A peine a-t-on fini de s’étonner des propos tenus par le Président de la République, François Hollande, qui qualifiait l’institution judiciaire d’« Institution de lâcheté », un nouveau coup est porté à l’autorité judiciaire, cette fois-ci par Manuel Valls, la veille de son départ du gouvernement.

Le 5 décembre 2016, par un décret qui a été publié au journal officiel le 6 décembre 2016, il a été subrepticement créé une Inspection Générale de la Justice chargée d’une « mission permanente d'inspection, de contrôle, d'étude, de conseil et d'évaluation des juridictions judiciaires », y compris la Cour de cassation.
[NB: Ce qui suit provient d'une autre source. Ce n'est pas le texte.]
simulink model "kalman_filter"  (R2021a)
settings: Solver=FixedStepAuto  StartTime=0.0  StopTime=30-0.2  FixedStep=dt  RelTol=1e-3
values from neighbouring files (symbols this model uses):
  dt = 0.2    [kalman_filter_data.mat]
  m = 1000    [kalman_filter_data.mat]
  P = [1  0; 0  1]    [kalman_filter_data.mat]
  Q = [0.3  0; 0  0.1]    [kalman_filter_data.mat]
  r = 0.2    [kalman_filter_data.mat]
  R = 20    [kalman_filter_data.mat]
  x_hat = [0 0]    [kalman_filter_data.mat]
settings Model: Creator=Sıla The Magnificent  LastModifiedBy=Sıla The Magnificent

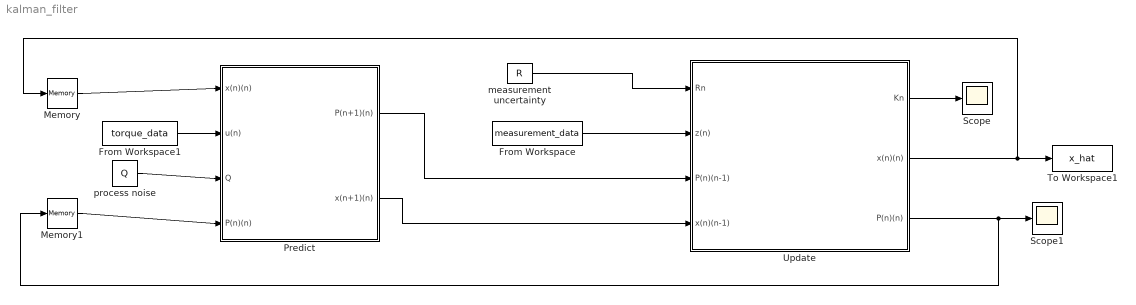
== system kalman_filter ==
  From Workspace : FromWorkspace  VariableName=measurement_data  SampleTime=dt
  From Workspace1 : FromWorkspace  VariableName=torque_data  SampleTime=dt
  Memory : Memory  InitialCondition=x_hat
  Memory1 : Memory  InitialCondition=P
  Predict : Subsystem
  Scope : Scope
  Scope1 : Scope
  To Workspace1 : ToWorkspace  VariableName=x_hat  SaveFormat=Timeseries  SampleTime=dt
  Update : Subsystem
  measurement uncertainty : Constant  Value=R  SampleTime=dt
  process noise : Constant  Value=Q  VectorParams1D=off  SampleTime=dt
  wires:
  From Workspace1/1 -> Predict/2(u(n))
  process noise/1 -> Predict/3(Q)
  measurement uncertainty/1 -> Update/1(Rn)
  From Workspace/1 -> Update/2(z(n))
  Predict/2(x(n+1)(n)) -> Update/4(x(n)(n-1))
  Predict/1(P(n+1)(n)) -> Update/3(P(n)(n-1))
  Update/1(Kn) -> Scope/1
  Update/2(x(n)(n)) -> Memory/1, To Workspace1/1
  Update/3(P(n)(n)) -> Scope1/1, Memory1/1
  Memory/1 -> Predict/1(x(n)(n))
  Memory1/1 -> Predict/4(P(n)(n))

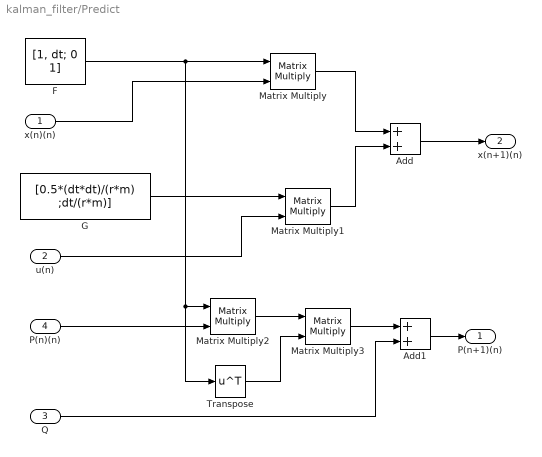
== system kalman_filter/Predict ==
  x(n)(n) : Inport
  u(n) : Inport  Port=2
  Q : Inport  Port=3
  P(n)(n) : Inport  Port=4
  Add : Sum
  Add1 : Sum
  F : Constant  Value=[1, dt; 0 1]  VectorParams1D=off  SampleTime=dt
  G : Constant  Value=[0.5*(dt*dt)/(r*m) ;dt/(r*m)]  VectorParams1D=off  SampleTime=dt
  Matrix Multiply{,1..3} (4 alike) : Product  Multiplication=Matrix(*)
  Transpose : Math  Operator=transpose  SaturateOnIntegerOverflow=on
  P(n+1)(n) : Outport
  x(n+1)(n) : Outport  Port=2
  wires:
  F/1 -> Matrix Multiply/1, Matrix Multiply2/1, Transpose/1
  x(n)(n)/1 -> Matrix Multiply/2
  Matrix Multiply/1 -> Add/1
  G/1 -> Matrix Multiply1/1
  u(n)/1 -> Matrix Multiply1/2
  Matrix Multiply1/1 -> Add/2
  Add/1 -> x(n+1)(n)/1
  P(n)(n)/1 -> Matrix Multiply2/2
  Matrix Multiply2/1 -> Matrix Multiply3/1
  Transpose/1 -> Matrix Multiply3/2
  Matrix Multiply3/1 -> Add1/1
  Q/1 -> Add1/2
  Add1/1 -> P(n+1)(n)/1

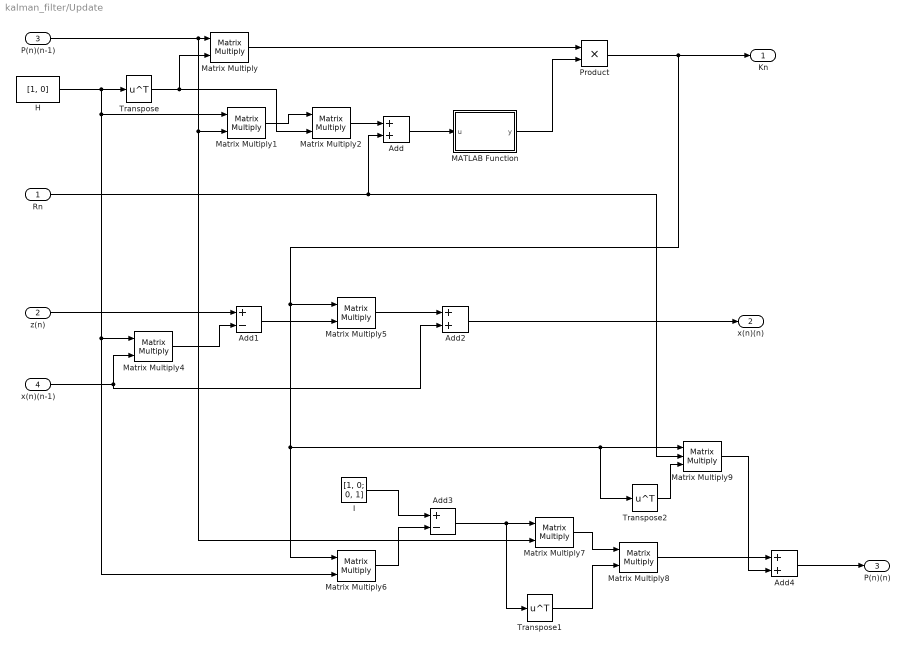
== system kalman_filter/Update ==
  Rn : Inport
  z(n) : Inport  Port=2
  P(n)(n-1) : Inport  Port=3
  x(n)(n-1) : Inport  Port=4
  Add : Sum
  Add1 : Sum  Inputs=+-
  Add2 : Sum
  Add3 : Sum  Inputs=+-
  Add4 : Sum
  H : Constant  Value=[1, 0]  VectorParams1D=off  SampleTime=dt
  I : Constant  Value=[1, 0; 0, 1]  VectorParams1D=off  SampleTime=dt
  MATLAB Function : MATLAB Function  TreatAsAtomicUnit=on
  Matrix Multiply{,1..2,4..8} (8 alike) : Product  Multiplication=Matrix(*)
  Matrix Multiply9 : Product  Inputs=3  Multiplication=Matrix(*)
  Product : Product
  Transpose : Math  Operator=transpose  SaturateOnIntegerOverflow=on
  Transpose1 : Math  Operator=transpose  SaturateOnIntegerOverflow=on
  Transpose2 : Math  Operator=transpose  SaturateOnIntegerOverflow=on
  Kn : Outport
  x(n)(n) : Outport  Port=2
  P(n)(n) : Outport  Port=3
  wires:
  H/1 -> Matrix Multiply6/2, Matrix Multiply4/1, Matrix Multiply1/1, Transpose/1
  P(n)(n-1)/1 -> Matrix Multiply1/2, Matrix Multiply7/2, Matrix Multiply/1
  Transpose/1 -> Matrix Multiply2/2, Matrix Multiply/2
  Matrix Multiply1/1 -> Matrix Multiply2/1
  Matrix Multiply2/1 -> Add/1
  Add/1 -> MATLAB Function/1(u)
  Matrix Multiply/1 -> Product/1
  Product/1 -> Matrix Multiply5/1, Matrix Multiply6/1, Transpose2/1, Matrix Multiply9/1, Kn/1
  x(n)(n-1)/1 -> Add2/2, Matrix Multiply4/2
  Matrix Multiply4/1 -> Add1/2
  z(n)/1 -> Add1/1
  Add1/1 -> Matrix Multiply5/2
  Matrix Multiply5/1 -> Add2/1
  Add2/1 -> x(n)(n)/1
  I/1 -> Add3/1
  Matrix Multiply6/1 -> Add3/2
  Add3/1 -> Transpose1/1, Matrix Multiply7/1
  Matrix Multiply7/1 -> Matrix Multiply8/1
  Transpose1/1 -> Matrix Multiply8/2
  Matrix Multiply8/1 -> Add4/1
  Rn/1 -> Add/2, Matrix Multiply9/2
  Transpose2/1 -> Matrix Multiply9/3
  Matrix Multiply9/1 -> Add4/2
  Add4/1 -> P(n)(n)/1
  MATLAB Function/1(y) -> Product/2

== matlab function kalman_filter/Update/MATLAB Function ==
  data: u input; y output
function y = inverseMatrix(u)
    y = inv(u);
end

L’Inspection Générale de Justice est chargée « d’apprécier l'activité, le fonctionnement et la performance des juridictions, établissements, services et organismes soumis à son contrôle ainsi que, dans le cadre d'une mission d'enquête, la manière de servir des personnels. Elle présente toutes recommandations et observations utiles ».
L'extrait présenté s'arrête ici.